■ **What needs to be done**: Please set down only the lines between the line containing "unnamed: DIS1.13 (D6), SV1.7" and the end of the records, inclusive, exactly as they stand.

(Records from a data collection)
=-=-=-=-=
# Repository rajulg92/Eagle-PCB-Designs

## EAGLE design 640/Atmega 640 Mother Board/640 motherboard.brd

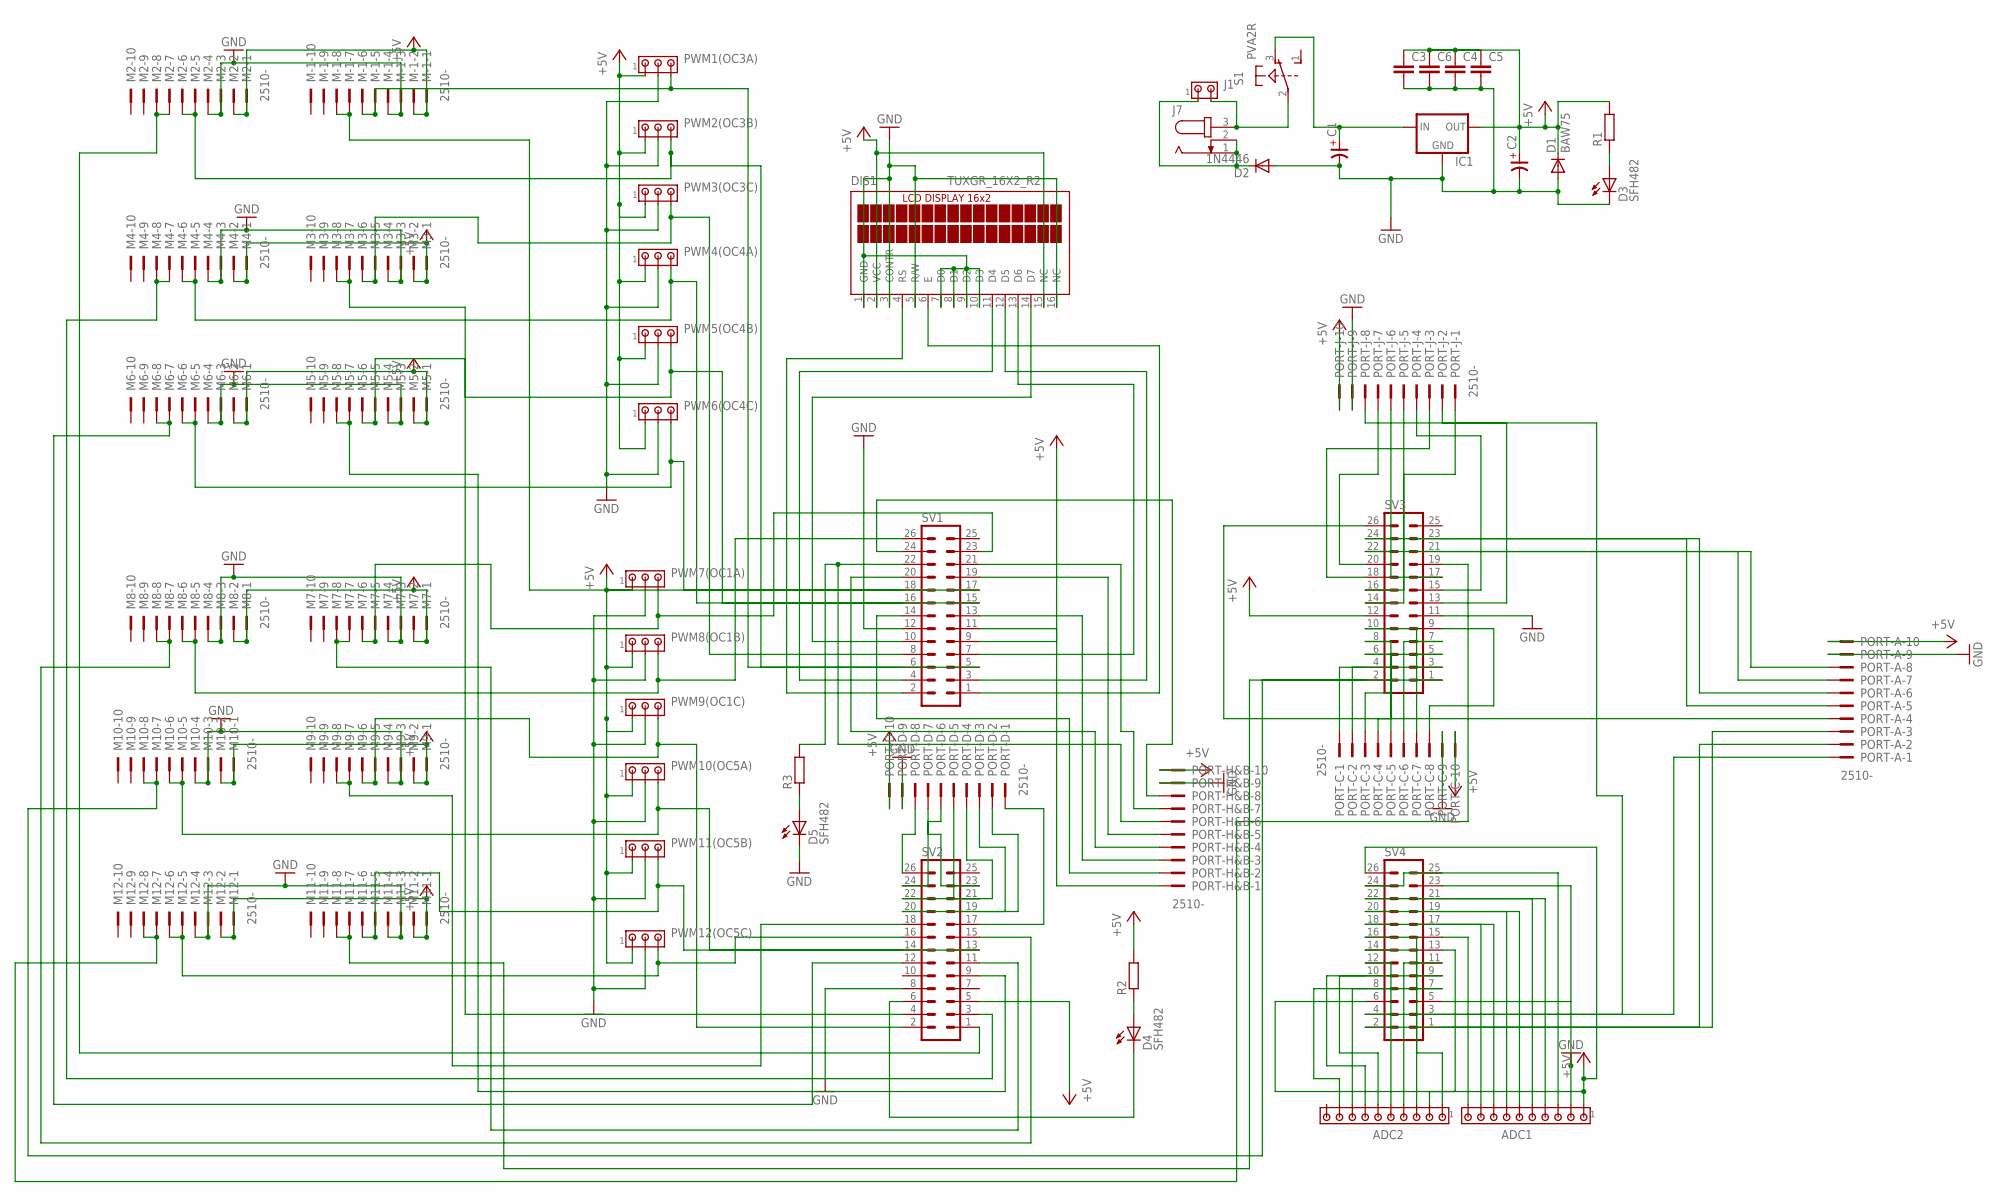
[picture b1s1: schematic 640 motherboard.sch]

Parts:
ADC1, ADC2: MTA10-100; 10X10MTA
C1, C2: CP-E-050X125; E-050X125
C3, C4, C5, C6: C2.5/2; C2.5-2
D1: BAW75; DO35-10
D2: 1N4446; DO35-10
D3, D4, D5: SFH482
DIS1: TUXGR_16X2_R2
IC1: LM323-TO3; TO3-K02
J1: MTA02-156; 1X2MTA
J7: JACK-PLUG1; SPC4078
M2, M3, M4, M5, M6, M7, M8, M9, M10, M11, M12: 2510-; PAK100/2500-10
M-1: 2510-; PAK100/2500-10
PORT-A: 2510-; PAK100/2500-10
PORT-C: 2510-; PAK100/2500-10
PORT-D: 2510-; PAK100/2500-10
PORT-H&B: 2510-; PAK100/2500-10
PORT-J: 2510-; PAK100/2500-10
PWM1(OC3A), PWM2(OC3B), PWM3(OC3C), PWM4(OC4A), PWM5(OC4B), PWM6(OC4C), PWM7(OC1A), PWM8(OC1B), PWM9(OC1C), PWM10(OC5A), PWM11(OC5B), PWM12(OC5C): MTA03-100; 10X03MTA
R1, R2, R3: R-EU_0207/10; 0207/10
S1: PVA2R
SV1, SV2, SV3, SV4: ML26

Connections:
+5V: ADC1.1, C2.+, C3.1, C4.1, C5.1, C6.1, D1.C, DIS1.2 (VCC), DIS1.15 (NC), IC1.1 (OUT), M2.1, M2.2, M3.1, M3.2, M4.1, M4.2, M5.1, M5.2, M6.1, M6.2, M7.1, M7.2, M8.1, M8.2, M9.1, M9.2, M10.1, M10.2, M11.1, M11.2, M12.1, M12.2, M-1.1, M-1.2, PORT-A.10, PORT-C.10, PORT-D.10, PORT-H&B.10, PORT-J.10, PWM1(OC3A).1, PWM2(OC3B).1, PWM3(OC3C).1, PWM4(OC4A).1, PWM5(OC4B).1, PWM6(OC4C).1, PWM7(OC1A).1, PWM8(OC1B).1, PWM9(OC1C).1, PWM10(OC5A).1, PWM11(OC5B).1, PWM12(OC5C).1, R1.2, R2.2, SV1.9, SV2.5, SV3.12, SV4.6, SV4.26
GND: ADC1.2, C1.-, C2.-, C3.2, C4.2, C5.2, C6.2, D1.A, D2.A, D3.K (C), D5.K (C), DIS1.1 (GND), DIS1.3 (CONTR), DIS1.5 (R/W), DIS1.7 (D0), DIS1.8 (D1), DIS1.9 (D2), DIS1.10 (D3), DIS1.16 (NC), IC1.3 (GND), M2.3, M2.4, M3.3, M3.4, M4.3, M4.4, M5.3, M5.4, M6.3, M6.4, M7.3, M7.4, M8.3, M8.4, M9.3, M9.4, M10.3, M10.4, M11.3, M11.4, M12.3, M12.4, M-1.3, M-1.4, PORT-A.9, PORT-C.9, PORT-D.9, PORT-H&B.9, PORT-J.9, PWM1(OC3A).2, PWM2(OC3B).2, PWM3(OC3C).2, PWM4(OC4A).2, PWM5(OC4B).2, PWM6(OC4C).2, PWM7(OC1A).2, PWM8(OC1B).2, PWM9(OC1C).2, PWM10(OC5A).2, PWM11(OC5B).2, PWM12(OC5C).2, SV1.12, SV2.8, SV3.11, SV4.5, SV4.23
unnamed: C1.+, IC1.2 (IN), S1.3 (O)
unnamed: D2.C, J1.1, J7.1, J7.2
unnamed: PORT-C.1, SV3.4
unnamed: M2.5, M2.6, PWM2(OC3B).3, SV1.5
unnamed: M3.5, M3.6, PWM3(OC3C).3, SV1.8
unnamed: M4.5, M4.6, PWM4(OC4A).3, SV1.16
unnamed: M5.5, M5.6, PWM5(OC4B).3, SV1.15
unnamed: M6.5, M6.6, PWM6(OC4C).3, SV1.18
unnamed: M12.5, M12.6, PWM12(OC5C).3, SV2.16
unnamed: PORT-C.2, SV3.3
unnamed: M10.5, M10.6, PWM10(OC5A).3, SV2.14
unnamed: M9.5, M9.6, PWM9(OC1C).3, SV2.2
unnamed: M8.5, M8.6, PWM8(OC1B).3, SV1.26
unnamed: M7.5, M7.6, PWM7(OC1A).3, SV1.23
unnamed: ADC1.4, SV4.21
unnamed: ADC1.5, SV4.22
unnamed: ADC1.3, SV4.24
unnamed: ADC1.6, SV4.19
unnamed: ADC1.7, SV4.20
unnamed: ADC1.8, SV4.17
unnamed: ADC1.9, SV4.18
unnamed: ADC1.10, SV4.15
unnamed: ADC2.1, SV4.16
unnamed: ADC2.2, SV4.13
unnamed: ADC2.3, SV4.14
unnamed: ADC2.4, SV4.11
unnamed: ADC2.5, SV4.12
unnamed: ADC2.7, SV4.10
unnamed: ADC2.6, SV4.9
unnamed: ADC2.9, SV4.8
unnamed: M-1.5, M-1.6, PWM1(OC3A).3, SV1.6
unnamed: M11.5, M11.6, PWM11(OC5B).3, SV2.13
unnamed: PORT-C.3, SV3.6
unnamed: PORT-C.4, SV3.5
unnamed: PORT-C.5, SV3.8
unnamed: PORT-C.6, SV3.7
unnamed: PORT-C.7, SV3.10
unnamed: PORT-C.8, SV3.9
unnamed: PORT-J.1, SV3.14
unnamed: PORT-J.2, SV3.13
unnamed: PORT-J.3, SV3.16
unnamed: PORT-J.4, SV3.15
unnamed: PORT-J.5, SV3.18
unnamed: PORT-J.6, SV3.17
unnamed: PORT-J.7, SV3.20
unnamed: PORT-J.8, SV4.3
unnamed: ADC2.8, SV4.7
unnamed: PORT-A.1, SV4.4
unnamed: PORT-A.2, SV4.1
unnamed: PORT-A.3, SV4.2
unnamed: PORT-A.4, SV3.26
unnamed: PORT-A.5, SV3.23
unnamed: PORT-A.6, SV3.24
unnamed: PORT-A.7, SV3.21
unnamed: PORT-A.8, SV3.22
unnamed: PORT-D.8, SV2.26
unnamed: PORT-D.7, SV2.23
unnamed: PORT-D.6, SV2.24
unnamed: PORT-D.5, SV2.21
unnamed: PORT-D.2, SV2.20
unnamed: PORT-D.3, SV2.19
unnamed: PORT-D.4, SV2.22
unnamed: PORT-D.1, SV2.17
unnamed: D3.A, R1.1
unnamed: J1.2, J7.3, S1.2
unnamed: DIS1.11 (D4), SV1.4
unnamed: DIS1.12 (D5), SV1.3
unnamed: DIS1.13 (D6), SV1.7
unnamed: DIS1.14 (D7), SV1.10
unnamed: DIS1.4 (RS), SV1.2
unnamed: DIS1.6 (E), SV1.1
unnamed: PORT-H&B.1, SV1.11
unnamed: M2.7, M2.8, SV2.1
unnamed: PORT-H&B.2, SV1.14
unnamed: PORT-H&B.3, SV1.13
unnamed: PORT-H&B.4, SV1.20
unnamed: M3.7, M3.8, SV2.4
unnamed: PORT-H&B.5, SV1.19
unnamed: M-1.7, M-1.8, SV1.17
unnamed: M5.7, M5.8, SV2.9
unnamed: M4.7, M4.8, SV2.3
unnamed: PORT-H&B.6, R3.2, SV1.22
unnamed: PORT-H&B.7, SV1.21
unnamed: M7.7, M7.8, SV2.11
unnamed: M6.7, M6.8, SV2.12
unnamed: PORT-H&B.8, SV1.24
unnamed: D4.A, R2.1
unnamed: M9.7, M9.8, SV2.18
unnamed: M8.7, M8.8, SV2.15
unnamed: M11.7, M11.8, SV3.1
unnamed: D4.K (C), SV2.6
unnamed: M10.7, M10.8, SV3.2
unnamed: M12.7, M12.8, SV3.19
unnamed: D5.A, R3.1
=-=-=-=-=
■ **Result of this exercise**:
unnamed: DIS1.13 (D6), SV1.7
unnamed: DIS1.14 (D7), SV1.10
unnamed: DIS1.4 (RS), SV1.2
unnamed: DIS1.6 (E), SV1.1
unnamed: PORT-H&B.1, SV1.11
unnamed: M2.7, M2.8, SV2.1
unnamed: PORT-H&B.2, SV1.14
unnamed: PORT-H&B.3, SV1.13
unnamed: PORT-H&B.4, SV1.20
unnamed: M3.7, M3.8, SV2.4
unnamed: PORT-H&B.5, SV1.19
unnamed: M-1.7, M-1.8, SV1.17
unnamed: M5.7, M5.8, SV2.9
unnamed: M4.7, M4.8, SV2.3
unnamed: PORT-H&B.6, R3.2, SV1.22
unnamed: PORT-H&B.7, SV1.21
unnamed: M7.7, M7.8, SV2.11
unnamed: M6.7, M6.8, SV2.12
unnamed: PORT-H&B.8, SV1.24
unnamed: D4.A, R2.1
unnamed: M9.7, M9.8, SV2.18
unnamed: M8.7, M8.8, SV2.15
unnamed: M11.7, M11.8, SV3.1
unnamed: D4.K (C), SV2.6
unnamed: M10.7, M10.8, SV3.2
unnamed: M12.7, M12.8, SV3.19
unnamed: D5.A, R3.1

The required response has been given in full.